La musique rituelle de Cour fut réglementée comme suit. Les orchestres et les chanteurs du palais exécutèrent : au sacrifice au Ciel et à la Terre; au sacrifice au Génie de la terre et au Génie de l'agriculture; dans le temple des Fondateurs et Empereurs de la dynastie des Nguyën; dans celui des Empereurs de différentes générations; dans le temple des héros; dans le temple de Confucius; pendant les audiences; au cours des banquets; à l'intérieur du palais impérial; pour chaque circonstance, il y a un répertoire spécial. La musique rituelle se compose de différentes musiques suivantes : musique de l'Esplanade du Ciel Giao nhac; musique des Temples Mieu nhac; musique des Cinq Sacrifices Ngu tu nhac; musique des Grandes Audiences Dai trieu nhac; musique des Audiences ordinaires Thuong trieu nhac; musique des Banquets Yen nhac; musique du Palais Cung nhac.

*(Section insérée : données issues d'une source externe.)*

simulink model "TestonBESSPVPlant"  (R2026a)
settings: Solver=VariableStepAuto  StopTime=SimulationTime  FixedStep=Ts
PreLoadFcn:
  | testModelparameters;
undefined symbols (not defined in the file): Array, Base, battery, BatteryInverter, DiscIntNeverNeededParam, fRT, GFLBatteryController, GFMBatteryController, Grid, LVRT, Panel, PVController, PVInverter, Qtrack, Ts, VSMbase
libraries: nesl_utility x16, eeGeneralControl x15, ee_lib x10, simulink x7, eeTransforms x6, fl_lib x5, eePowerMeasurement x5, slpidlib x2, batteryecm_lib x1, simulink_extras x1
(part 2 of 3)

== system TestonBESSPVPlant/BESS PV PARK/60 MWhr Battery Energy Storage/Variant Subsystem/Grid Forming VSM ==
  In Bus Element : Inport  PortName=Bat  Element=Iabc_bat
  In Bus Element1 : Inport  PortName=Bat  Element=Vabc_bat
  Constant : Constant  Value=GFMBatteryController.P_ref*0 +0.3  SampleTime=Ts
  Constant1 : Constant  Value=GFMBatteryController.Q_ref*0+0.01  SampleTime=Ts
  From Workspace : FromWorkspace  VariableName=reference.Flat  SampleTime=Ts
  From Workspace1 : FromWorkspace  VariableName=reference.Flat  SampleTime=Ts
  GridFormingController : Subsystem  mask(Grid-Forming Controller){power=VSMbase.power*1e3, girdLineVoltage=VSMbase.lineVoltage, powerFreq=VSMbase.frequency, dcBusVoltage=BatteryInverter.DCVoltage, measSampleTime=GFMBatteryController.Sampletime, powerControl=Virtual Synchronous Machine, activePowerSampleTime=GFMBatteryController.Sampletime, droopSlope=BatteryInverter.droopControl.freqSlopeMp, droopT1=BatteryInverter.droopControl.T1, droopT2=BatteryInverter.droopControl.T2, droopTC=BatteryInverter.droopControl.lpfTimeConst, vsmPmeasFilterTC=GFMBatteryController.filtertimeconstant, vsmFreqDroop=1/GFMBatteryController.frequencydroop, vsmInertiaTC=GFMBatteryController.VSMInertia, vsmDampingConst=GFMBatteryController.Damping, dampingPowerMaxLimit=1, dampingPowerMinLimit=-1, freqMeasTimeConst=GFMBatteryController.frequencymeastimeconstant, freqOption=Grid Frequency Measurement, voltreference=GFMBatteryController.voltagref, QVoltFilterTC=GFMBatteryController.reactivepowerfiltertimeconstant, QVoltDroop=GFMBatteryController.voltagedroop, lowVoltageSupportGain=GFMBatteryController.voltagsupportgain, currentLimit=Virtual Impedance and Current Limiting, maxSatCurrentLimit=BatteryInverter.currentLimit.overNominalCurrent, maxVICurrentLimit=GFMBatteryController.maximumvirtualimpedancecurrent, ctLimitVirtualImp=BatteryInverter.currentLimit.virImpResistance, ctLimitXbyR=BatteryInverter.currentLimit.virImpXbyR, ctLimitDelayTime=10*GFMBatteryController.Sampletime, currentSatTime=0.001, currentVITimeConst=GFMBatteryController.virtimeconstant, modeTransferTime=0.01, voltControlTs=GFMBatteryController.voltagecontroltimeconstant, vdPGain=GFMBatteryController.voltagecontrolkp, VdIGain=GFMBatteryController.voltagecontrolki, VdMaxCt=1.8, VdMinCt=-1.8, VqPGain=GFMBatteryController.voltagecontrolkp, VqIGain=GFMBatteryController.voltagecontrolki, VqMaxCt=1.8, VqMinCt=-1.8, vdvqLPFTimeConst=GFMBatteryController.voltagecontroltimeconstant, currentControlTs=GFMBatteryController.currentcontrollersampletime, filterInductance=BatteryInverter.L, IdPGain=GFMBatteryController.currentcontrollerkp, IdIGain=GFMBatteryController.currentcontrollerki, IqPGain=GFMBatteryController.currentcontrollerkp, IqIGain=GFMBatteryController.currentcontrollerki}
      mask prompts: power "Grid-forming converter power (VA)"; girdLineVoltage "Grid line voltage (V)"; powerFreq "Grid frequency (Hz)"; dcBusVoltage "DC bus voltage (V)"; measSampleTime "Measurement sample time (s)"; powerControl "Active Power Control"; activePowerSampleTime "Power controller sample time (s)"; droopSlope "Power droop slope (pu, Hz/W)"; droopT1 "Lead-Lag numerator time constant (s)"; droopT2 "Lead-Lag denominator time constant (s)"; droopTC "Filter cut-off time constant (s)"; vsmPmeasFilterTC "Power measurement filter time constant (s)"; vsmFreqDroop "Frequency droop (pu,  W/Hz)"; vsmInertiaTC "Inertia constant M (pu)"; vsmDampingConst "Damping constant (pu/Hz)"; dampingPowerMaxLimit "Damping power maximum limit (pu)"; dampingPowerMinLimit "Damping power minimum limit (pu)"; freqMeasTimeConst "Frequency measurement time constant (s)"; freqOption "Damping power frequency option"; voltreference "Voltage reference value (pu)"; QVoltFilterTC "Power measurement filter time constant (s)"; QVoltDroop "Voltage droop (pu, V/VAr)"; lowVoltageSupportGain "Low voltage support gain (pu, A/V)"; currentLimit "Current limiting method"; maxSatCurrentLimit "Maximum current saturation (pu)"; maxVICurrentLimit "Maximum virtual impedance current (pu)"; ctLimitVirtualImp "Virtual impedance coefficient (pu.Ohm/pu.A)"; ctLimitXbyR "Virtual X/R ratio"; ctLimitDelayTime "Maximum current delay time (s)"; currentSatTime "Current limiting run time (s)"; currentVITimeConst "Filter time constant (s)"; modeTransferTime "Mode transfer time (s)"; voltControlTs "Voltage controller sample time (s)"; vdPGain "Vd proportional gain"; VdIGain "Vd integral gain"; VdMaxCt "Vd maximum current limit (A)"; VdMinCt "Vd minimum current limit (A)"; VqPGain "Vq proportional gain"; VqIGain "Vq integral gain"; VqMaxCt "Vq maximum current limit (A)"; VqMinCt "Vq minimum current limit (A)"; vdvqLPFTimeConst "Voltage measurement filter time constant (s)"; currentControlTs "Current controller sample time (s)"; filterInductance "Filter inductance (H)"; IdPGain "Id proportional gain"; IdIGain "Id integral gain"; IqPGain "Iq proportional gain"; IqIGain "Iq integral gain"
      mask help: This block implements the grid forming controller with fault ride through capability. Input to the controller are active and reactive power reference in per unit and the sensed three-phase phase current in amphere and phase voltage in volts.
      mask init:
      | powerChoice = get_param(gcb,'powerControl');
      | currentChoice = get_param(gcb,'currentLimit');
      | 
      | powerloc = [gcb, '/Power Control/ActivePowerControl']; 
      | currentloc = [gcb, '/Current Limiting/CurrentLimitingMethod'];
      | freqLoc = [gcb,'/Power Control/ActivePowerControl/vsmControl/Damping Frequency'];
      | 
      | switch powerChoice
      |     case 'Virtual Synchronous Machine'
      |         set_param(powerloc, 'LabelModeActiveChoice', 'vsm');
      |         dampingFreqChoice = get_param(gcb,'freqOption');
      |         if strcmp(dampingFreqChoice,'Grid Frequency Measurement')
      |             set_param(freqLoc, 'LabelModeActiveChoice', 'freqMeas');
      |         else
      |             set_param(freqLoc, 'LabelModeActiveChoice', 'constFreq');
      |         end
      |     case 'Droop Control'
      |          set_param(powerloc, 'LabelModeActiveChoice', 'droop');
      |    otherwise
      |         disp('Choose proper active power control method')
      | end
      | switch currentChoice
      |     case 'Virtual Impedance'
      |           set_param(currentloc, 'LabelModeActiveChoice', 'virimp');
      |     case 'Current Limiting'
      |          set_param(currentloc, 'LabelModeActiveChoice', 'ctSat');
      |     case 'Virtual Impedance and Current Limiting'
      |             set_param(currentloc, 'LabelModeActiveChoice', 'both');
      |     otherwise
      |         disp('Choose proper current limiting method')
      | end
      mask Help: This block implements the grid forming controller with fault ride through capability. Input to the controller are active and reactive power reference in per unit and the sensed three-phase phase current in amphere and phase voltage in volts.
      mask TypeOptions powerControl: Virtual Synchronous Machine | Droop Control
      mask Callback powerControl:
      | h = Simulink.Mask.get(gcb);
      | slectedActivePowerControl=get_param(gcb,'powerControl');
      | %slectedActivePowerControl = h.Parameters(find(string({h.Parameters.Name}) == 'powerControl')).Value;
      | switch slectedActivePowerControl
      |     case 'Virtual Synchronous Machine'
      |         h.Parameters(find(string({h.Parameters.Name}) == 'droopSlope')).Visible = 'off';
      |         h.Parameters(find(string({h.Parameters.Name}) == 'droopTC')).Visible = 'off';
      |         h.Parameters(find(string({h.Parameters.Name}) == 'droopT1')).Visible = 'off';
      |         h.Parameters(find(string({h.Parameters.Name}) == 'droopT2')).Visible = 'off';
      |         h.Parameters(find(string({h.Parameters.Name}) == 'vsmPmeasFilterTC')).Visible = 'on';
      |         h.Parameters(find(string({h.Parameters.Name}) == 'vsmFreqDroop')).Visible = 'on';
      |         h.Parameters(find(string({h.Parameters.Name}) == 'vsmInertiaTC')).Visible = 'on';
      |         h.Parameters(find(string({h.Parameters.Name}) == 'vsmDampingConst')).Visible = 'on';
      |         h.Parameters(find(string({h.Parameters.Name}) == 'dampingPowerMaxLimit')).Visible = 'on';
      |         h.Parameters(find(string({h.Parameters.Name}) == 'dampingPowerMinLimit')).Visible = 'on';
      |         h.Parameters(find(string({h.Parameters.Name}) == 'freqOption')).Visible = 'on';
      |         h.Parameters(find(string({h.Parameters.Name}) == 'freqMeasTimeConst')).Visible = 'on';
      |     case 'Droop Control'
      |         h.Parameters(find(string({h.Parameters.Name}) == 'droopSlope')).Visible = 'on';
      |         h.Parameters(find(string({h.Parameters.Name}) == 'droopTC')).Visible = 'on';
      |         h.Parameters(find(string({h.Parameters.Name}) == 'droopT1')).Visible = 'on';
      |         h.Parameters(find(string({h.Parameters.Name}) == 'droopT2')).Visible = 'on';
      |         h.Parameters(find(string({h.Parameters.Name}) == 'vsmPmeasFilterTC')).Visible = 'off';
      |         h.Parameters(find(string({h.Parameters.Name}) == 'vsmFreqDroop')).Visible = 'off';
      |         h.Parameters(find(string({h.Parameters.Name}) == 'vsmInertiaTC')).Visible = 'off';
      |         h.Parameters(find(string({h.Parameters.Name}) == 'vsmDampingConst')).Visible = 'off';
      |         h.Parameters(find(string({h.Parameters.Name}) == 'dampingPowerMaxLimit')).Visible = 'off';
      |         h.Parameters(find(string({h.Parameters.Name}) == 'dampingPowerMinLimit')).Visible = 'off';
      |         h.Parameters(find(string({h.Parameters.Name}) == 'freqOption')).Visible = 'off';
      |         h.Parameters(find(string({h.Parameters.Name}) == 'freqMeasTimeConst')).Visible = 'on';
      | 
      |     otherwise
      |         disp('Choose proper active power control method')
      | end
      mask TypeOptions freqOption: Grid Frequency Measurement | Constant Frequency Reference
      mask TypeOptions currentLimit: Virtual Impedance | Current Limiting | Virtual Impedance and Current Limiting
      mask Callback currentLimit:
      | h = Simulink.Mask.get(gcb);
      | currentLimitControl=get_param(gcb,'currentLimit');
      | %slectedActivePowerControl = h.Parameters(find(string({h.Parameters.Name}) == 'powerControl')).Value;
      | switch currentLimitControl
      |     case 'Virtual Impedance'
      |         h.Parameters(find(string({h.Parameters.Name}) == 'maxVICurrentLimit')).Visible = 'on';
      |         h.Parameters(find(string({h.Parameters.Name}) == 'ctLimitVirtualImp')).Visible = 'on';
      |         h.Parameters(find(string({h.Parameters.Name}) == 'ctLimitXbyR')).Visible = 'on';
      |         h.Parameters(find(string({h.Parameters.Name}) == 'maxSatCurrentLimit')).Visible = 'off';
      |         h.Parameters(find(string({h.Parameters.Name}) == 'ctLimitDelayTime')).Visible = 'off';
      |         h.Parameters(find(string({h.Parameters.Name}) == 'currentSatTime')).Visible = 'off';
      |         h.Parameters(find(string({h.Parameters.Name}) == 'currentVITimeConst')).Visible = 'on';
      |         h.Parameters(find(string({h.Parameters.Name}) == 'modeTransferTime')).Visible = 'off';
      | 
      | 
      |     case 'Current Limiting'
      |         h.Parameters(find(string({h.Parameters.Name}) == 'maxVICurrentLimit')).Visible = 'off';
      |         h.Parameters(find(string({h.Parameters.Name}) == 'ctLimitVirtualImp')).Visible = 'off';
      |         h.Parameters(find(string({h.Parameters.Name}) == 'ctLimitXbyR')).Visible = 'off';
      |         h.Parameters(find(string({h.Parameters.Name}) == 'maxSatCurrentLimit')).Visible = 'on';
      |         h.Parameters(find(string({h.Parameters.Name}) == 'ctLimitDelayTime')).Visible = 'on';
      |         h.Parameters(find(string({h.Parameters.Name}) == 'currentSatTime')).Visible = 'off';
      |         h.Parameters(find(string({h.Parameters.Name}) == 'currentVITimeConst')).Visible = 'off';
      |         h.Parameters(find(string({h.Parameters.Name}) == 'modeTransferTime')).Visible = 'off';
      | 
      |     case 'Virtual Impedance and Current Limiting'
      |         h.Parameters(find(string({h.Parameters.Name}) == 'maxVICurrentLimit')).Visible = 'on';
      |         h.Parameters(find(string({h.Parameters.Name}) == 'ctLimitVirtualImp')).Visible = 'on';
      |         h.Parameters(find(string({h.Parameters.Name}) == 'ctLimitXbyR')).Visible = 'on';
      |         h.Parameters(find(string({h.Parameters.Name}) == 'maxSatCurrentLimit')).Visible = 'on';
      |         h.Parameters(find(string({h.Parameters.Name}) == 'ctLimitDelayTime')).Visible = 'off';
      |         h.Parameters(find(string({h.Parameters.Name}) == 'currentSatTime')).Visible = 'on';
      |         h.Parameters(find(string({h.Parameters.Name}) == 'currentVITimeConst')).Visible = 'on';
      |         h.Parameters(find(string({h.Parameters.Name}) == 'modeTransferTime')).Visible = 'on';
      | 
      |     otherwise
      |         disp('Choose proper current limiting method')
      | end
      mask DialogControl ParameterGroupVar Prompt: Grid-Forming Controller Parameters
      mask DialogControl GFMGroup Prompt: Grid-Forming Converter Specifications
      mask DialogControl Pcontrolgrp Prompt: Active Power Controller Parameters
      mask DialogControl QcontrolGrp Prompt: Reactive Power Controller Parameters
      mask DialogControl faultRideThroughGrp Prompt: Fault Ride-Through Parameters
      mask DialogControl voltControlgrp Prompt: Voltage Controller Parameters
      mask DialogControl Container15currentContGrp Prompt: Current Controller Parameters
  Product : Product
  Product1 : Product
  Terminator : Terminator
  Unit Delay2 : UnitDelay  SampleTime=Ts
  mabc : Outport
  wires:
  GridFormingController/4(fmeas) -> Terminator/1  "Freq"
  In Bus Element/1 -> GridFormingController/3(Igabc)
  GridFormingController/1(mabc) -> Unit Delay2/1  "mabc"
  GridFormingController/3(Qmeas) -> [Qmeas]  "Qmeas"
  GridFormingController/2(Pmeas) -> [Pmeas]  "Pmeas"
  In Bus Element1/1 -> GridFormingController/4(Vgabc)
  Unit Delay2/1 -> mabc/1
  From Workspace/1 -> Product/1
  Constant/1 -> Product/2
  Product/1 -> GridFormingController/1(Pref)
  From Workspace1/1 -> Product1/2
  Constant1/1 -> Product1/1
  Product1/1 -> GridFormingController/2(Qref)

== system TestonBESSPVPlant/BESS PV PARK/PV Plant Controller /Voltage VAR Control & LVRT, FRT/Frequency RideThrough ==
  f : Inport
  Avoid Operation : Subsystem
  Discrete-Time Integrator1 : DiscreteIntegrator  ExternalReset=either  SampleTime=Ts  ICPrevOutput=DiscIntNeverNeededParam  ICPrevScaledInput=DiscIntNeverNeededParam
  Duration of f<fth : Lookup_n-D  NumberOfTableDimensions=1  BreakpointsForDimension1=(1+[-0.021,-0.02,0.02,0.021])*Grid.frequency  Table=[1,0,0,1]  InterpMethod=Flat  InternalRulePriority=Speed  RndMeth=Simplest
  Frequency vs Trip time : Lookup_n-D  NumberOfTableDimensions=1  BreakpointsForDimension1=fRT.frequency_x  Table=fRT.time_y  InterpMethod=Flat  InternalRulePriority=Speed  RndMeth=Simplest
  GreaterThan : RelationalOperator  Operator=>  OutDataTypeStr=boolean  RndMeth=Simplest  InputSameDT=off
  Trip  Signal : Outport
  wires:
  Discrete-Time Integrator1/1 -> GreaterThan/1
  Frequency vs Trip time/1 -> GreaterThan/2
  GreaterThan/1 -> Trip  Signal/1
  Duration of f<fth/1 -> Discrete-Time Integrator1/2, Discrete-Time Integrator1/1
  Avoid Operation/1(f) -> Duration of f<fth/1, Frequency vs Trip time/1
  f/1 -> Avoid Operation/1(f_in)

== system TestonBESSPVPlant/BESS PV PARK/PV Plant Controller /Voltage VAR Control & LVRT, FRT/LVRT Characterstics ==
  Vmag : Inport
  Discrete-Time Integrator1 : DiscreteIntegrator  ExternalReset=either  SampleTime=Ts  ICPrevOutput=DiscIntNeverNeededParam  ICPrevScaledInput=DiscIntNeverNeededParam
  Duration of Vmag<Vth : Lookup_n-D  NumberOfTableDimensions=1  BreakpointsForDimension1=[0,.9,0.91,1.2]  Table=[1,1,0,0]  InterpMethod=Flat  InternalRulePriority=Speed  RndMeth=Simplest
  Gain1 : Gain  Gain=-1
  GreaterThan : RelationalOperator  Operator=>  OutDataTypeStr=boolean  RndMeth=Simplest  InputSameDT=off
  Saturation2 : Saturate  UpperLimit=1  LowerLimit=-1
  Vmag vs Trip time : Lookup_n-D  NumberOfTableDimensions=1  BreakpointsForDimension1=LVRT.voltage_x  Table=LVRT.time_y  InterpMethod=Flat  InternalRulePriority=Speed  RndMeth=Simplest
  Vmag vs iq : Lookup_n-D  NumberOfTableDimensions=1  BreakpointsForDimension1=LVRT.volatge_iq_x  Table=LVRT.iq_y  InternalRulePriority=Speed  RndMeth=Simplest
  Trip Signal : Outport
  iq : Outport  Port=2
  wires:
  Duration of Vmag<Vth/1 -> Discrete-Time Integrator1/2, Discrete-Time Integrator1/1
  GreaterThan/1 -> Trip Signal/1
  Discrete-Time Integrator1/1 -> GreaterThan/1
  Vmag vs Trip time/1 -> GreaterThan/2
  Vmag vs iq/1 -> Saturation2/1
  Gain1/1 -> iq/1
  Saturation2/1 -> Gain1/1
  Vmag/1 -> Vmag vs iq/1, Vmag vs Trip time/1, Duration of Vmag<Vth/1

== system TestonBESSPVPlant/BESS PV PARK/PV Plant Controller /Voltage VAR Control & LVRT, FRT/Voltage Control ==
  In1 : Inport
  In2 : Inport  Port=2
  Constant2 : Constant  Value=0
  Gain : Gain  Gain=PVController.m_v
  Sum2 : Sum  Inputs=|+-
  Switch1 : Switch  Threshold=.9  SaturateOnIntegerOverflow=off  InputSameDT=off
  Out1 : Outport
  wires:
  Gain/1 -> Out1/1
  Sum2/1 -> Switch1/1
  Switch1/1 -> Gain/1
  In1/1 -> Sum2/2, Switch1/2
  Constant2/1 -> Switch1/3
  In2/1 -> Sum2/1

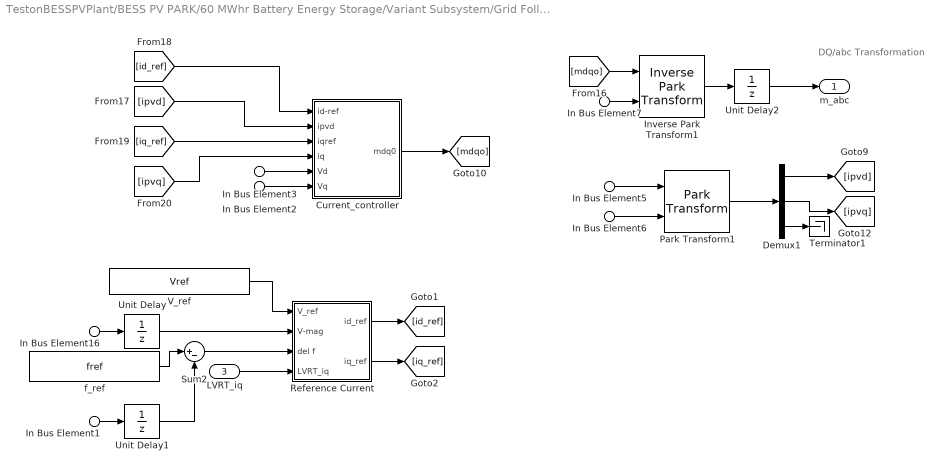
== system TestonBESSPVPlant/BESS PV PARK/60 MWhr Battery Energy Storage/Variant Subsystem/Grid Following Support/GFL Battery Controller ==
  note: DQ/abc Transformation
  In Bus Element3 : Inport  PortName=Vbus  Element=Vd
  In Bus Element16 : Inport  PortName=Vbus  Element=Vd
  In Bus Element2 : Inport  PortName=Vbus  Element=Vq
  In Bus Element6 : Inport  PortName=Vbus  Element=Theta
  In Bus Element7 : Inport  PortName=Vbus  Element=Theta
  In Bus Element1 : Inport  PortName=Vbus  Element=w
  In Bus Element5 : Inport  Port=2  PortName=ipv2  Element=1
  LVRT_iq : Inport  Port=3
  Current_controller : Subsystem
  Demux1 : Demux  Outputs=3
  Inverse Park Transform1 : eeTransforms/Inverse Park Transform  AxisAlignment=Q-axis  PowerInvariant=off
  Park Transform1 : eeTransforms/Park Transform  AxisAlignment=Q-axis  PowerInvariant=off
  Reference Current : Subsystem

Le Hât a dào, depuis le début du XIXe siècle, a évolué vers la réduction du nombre d'instruments d'accompagnement, la rareté des ballets, la modification du répertoire et la médiocrité de la condition de vie des artistes; il tend à disparaître de nos jours.

Le théâtre par contre à un public de plus en plus large. Le répertoire du théâtre traditionnel Hât Tuong se compose de chants typiquement vietnamiens : les Hât khâch, Hat nam, Hot bài et Nói loi. Le théâtre populaire Hât chèo, lui, est caractérisé par l'absence de décors, la pauvreté des costumes et la simplicité des gestes et surtout par un répertoire très varié et très riche composé de chants d'origine populaire (il y a des chants adaptés aux circonstances : chants pour les situations gaies, les scènes tristes, les scènes d'amour, de discussion, de taquinerie, de provocation, etc.; certains rôles ont des chants particuliers (chants de bouffons, de folles, de vieillards, de moines, etc.). De tous ces chants l'auteur nous a donné une nomenclature assez complète, à défaut des définitions précises qu'on ne pourra formuler qu'après des études sur place, auprès des acteurs de théâtre eux-mêmes.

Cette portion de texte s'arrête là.